◆ **EXERCISE BRIEF**
Print every record exactly as it appears. Leave the pictures out.

Data items:
****************

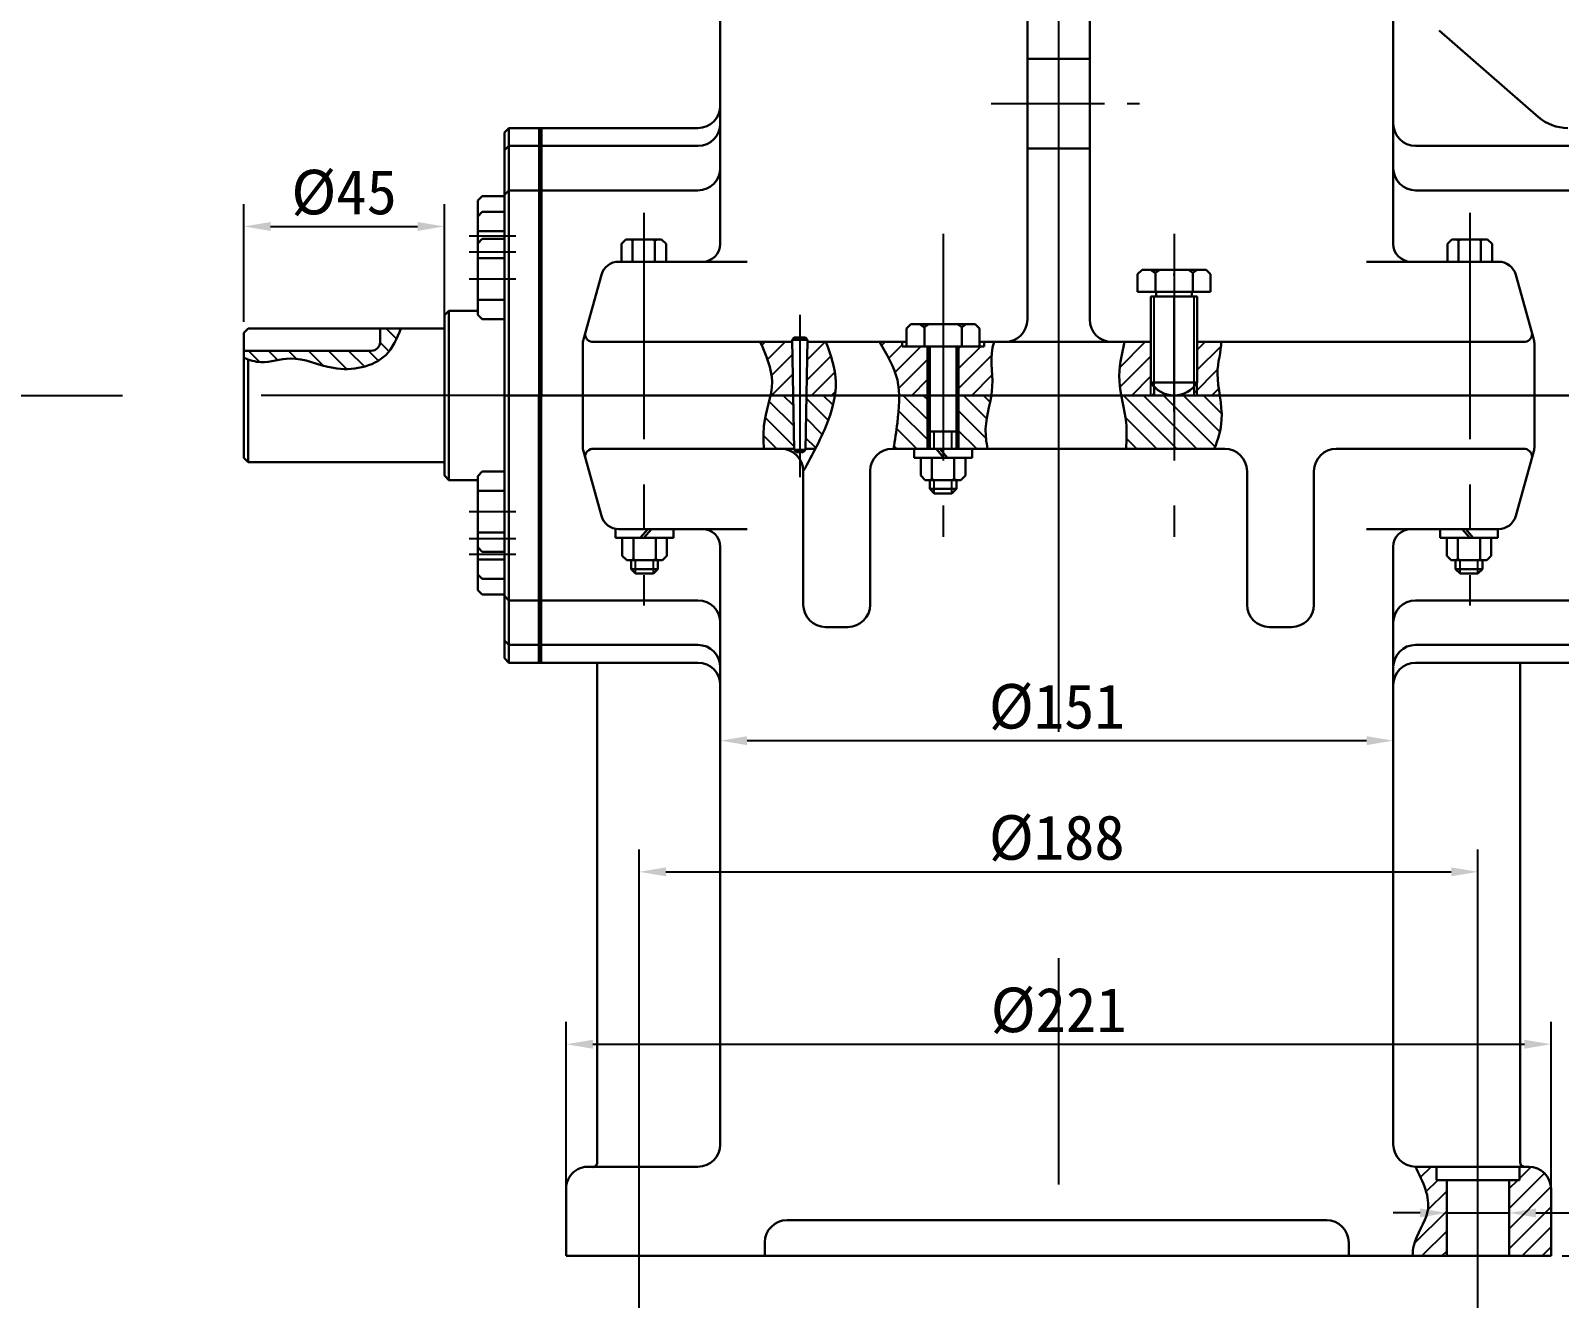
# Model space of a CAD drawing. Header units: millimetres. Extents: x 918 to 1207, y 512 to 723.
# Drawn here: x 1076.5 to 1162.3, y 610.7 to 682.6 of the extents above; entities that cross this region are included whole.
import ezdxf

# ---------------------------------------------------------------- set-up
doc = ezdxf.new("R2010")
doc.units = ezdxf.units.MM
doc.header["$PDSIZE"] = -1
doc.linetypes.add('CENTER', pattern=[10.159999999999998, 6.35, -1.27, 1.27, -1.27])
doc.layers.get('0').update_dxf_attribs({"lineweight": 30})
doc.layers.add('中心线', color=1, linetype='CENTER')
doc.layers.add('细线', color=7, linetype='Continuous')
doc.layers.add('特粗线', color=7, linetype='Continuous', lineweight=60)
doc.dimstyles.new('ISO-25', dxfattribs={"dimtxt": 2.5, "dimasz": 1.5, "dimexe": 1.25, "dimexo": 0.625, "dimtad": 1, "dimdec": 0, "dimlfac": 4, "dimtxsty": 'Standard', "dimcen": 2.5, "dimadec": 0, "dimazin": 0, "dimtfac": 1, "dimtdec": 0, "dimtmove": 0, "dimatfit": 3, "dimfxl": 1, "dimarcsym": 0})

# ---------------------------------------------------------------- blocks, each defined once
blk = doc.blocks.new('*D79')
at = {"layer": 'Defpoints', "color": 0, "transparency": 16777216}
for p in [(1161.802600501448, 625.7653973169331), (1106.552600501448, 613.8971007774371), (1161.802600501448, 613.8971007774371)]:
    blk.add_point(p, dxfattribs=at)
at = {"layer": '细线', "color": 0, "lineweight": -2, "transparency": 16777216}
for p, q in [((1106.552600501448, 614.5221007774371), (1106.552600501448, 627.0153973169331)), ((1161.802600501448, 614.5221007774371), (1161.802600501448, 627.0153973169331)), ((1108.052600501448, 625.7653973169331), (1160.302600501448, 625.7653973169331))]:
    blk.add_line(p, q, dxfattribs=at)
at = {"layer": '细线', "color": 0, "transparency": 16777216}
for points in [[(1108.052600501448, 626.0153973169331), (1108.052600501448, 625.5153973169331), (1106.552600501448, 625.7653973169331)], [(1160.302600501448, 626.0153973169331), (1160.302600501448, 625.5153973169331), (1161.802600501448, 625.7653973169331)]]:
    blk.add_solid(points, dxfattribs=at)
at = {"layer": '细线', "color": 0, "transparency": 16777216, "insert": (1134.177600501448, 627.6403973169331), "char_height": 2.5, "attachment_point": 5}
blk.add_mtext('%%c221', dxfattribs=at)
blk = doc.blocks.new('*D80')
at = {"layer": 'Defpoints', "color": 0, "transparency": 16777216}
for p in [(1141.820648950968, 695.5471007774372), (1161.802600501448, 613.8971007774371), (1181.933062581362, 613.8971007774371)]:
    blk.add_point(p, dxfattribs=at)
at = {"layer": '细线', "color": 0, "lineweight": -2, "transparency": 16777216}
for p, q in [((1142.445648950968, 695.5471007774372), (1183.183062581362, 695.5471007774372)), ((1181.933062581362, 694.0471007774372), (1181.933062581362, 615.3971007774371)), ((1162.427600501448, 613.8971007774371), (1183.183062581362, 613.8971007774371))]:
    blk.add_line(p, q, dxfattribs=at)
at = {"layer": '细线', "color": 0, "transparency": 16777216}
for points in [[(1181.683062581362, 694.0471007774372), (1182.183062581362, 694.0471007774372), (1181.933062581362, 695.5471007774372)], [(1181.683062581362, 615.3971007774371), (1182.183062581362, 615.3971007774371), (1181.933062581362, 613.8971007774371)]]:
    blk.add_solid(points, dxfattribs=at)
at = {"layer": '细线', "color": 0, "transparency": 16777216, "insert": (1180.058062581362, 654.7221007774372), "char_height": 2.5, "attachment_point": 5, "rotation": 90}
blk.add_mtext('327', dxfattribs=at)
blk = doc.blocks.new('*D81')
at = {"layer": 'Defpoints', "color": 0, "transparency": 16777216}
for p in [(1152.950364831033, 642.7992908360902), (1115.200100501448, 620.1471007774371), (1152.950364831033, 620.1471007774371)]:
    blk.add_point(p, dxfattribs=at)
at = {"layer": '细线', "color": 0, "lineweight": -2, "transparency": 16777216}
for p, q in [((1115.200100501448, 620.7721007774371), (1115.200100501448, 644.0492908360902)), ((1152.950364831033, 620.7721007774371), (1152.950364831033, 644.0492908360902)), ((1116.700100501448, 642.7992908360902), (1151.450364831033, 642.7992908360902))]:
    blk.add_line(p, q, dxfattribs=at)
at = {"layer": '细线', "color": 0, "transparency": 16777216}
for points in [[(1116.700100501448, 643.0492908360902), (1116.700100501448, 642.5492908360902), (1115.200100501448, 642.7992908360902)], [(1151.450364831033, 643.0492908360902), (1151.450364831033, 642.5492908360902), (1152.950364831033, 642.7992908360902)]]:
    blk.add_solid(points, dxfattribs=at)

****************

◆ **RESULT BELOW**
# Model space of a CAD drawing. Header units: millimetres. Extents: x 918 to 1207, y 512 to 723.
# Drawn here: x 1076.5 to 1162.3, y 610.7 to 682.6 of the extents above; entities that cross this region are included whole.
import ezdxf

# ---------------------------------------------------------------- set-up
doc = ezdxf.new("R2010")
doc.units = ezdxf.units.MM
doc.header["$PDSIZE"] = -1
doc.linetypes.add('CENTER', pattern=[10.159999999999998, 6.35, -1.27, 1.27, -1.27])
doc.layers.get('0').update_dxf_attribs({"lineweight": 30})
doc.layers.add('中心线', color=1, linetype='CENTER')
doc.layers.add('细线', color=7, linetype='Continuous')
doc.layers.add('特粗线', color=7, linetype='Continuous', lineweight=60)
doc.dimstyles.new('ISO-25', dxfattribs={"dimtxt": 2.5, "dimasz": 1.5, "dimexe": 1.25, "dimexo": 0.625, "dimtad": 1, "dimdec": 0, "dimlfac": 4, "dimtxsty": 'Standard', "dimcen": 2.5, "dimadec": 0, "dimazin": 0, "dimtfac": 1, "dimtdec": 0, "dimtmove": 0, "dimatfit": 3, "dimfxl": 1, "dimarcsym": 0})

# ---------------------------------------------------------------- blocks, each defined once
blk = doc.blocks.new('*D79')
at = {"layer": 'Defpoints', "color": 0, "transparency": 16777216}
for p in [(1161.802600501448, 625.7653973169331), (1106.552600501448, 613.8971007774371), (1161.802600501448, 613.8971007774371)]:
    blk.add_point(p, dxfattribs=at)
at = {"layer": '细线', "color": 0, "lineweight": -2, "transparency": 16777216}
for p, q in [((1106.552600501448, 614.5221007774371), (1106.552600501448, 627.0153973169331)), ((1161.802600501448, 614.5221007774371), (1161.802600501448, 627.0153973169331)), ((1108.052600501448, 625.7653973169331), (1160.302600501448, 625.7653973169331))]:
    blk.add_line(p, q, dxfattribs=at)
at = {"layer": '细线', "color": 0, "transparency": 16777216}
for points in [[(1108.052600501448, 626.0153973169331), (1108.052600501448, 625.5153973169331), (1106.552600501448, 625.7653973169331)], [(1160.302600501448, 626.0153973169331), (1160.302600501448, 625.5153973169331), (1161.802600501448, 625.7653973169331)]]:
    blk.add_solid(points, dxfattribs=at)
at = {"layer": '细线', "color": 0, "transparency": 16777216, "insert": (1134.177600501448, 627.6403973169331), "char_height": 2.5, "attachment_point": 5}
blk.add_mtext('%%c221', dxfattribs=at)
blk = doc.blocks.new('*D80')
at = {"layer": 'Defpoints', "color": 0, "transparency": 16777216}
for p in [(1141.820648950968, 695.5471007774372), (1161.802600501448, 613.8971007774371), (1181.933062581362, 613.8971007774371)]:
    blk.add_point(p, dxfattribs=at)
at = {"layer": '细线', "color": 0, "lineweight": -2, "transparency": 16777216}
for p, q in [((1142.445648950968, 695.5471007774372), (1183.183062581362, 695.5471007774372)), ((1181.933062581362, 694.0471007774372), (1181.933062581362, 615.3971007774371)), ((1162.427600501448, 613.8971007774371), (1183.183062581362, 613.8971007774371))]:
    blk.add_line(p, q, dxfattribs=at)
at = {"layer": '细线', "color": 0, "transparency": 16777216}
for points in [[(1181.683062581362, 694.0471007774372), (1182.183062581362, 694.0471007774372), (1181.933062581362, 695.5471007774372)], [(1181.683062581362, 615.3971007774371), (1182.183062581362, 615.3971007774371), (1181.933062581362, 613.8971007774371)]]:
    blk.add_solid(points, dxfattribs=at)
at = {"layer": '细线', "color": 0, "transparency": 16777216, "insert": (1180.058062581362, 654.7221007774372), "char_height": 2.5, "attachment_point": 5, "rotation": 90}
blk.add_mtext('327', dxfattribs=at)
blk = doc.blocks.new('*D81')
at = {"layer": 'Defpoints', "color": 0, "transparency": 16777216}
for p in [(1152.950364831033, 642.7992908360902), (1115.200100501448, 620.1471007774371), (1152.950364831033, 620.1471007774371)]:
    blk.add_point(p, dxfattribs=at)
at = {"layer": '细线', "color": 0, "lineweight": -2, "transparency": 16777216}
for p, q in [((1115.200100501448, 620.7721007774371), (1115.200100501448, 644.0492908360902)), ((1152.950364831033, 620.7721007774371), (1152.950364831033, 644.0492908360902)), ((1116.700100501448, 642.7992908360902), (1151.450364831033, 642.7992908360902))]:
    blk.add_line(p, q, dxfattribs=at)
at = {"layer": '细线', "color": 0, "transparency": 16777216}
for points in [[(1116.700100501448, 643.0492908360902), (1116.700100501448, 642.5492908360902), (1115.200100501448, 642.7992908360902)], [(1151.450364831033, 643.0492908360902), (1151.450364831033, 642.5492908360902), (1152.950364831033, 642.7992908360902)]]:
    blk.add_solid(points, dxfattribs=at)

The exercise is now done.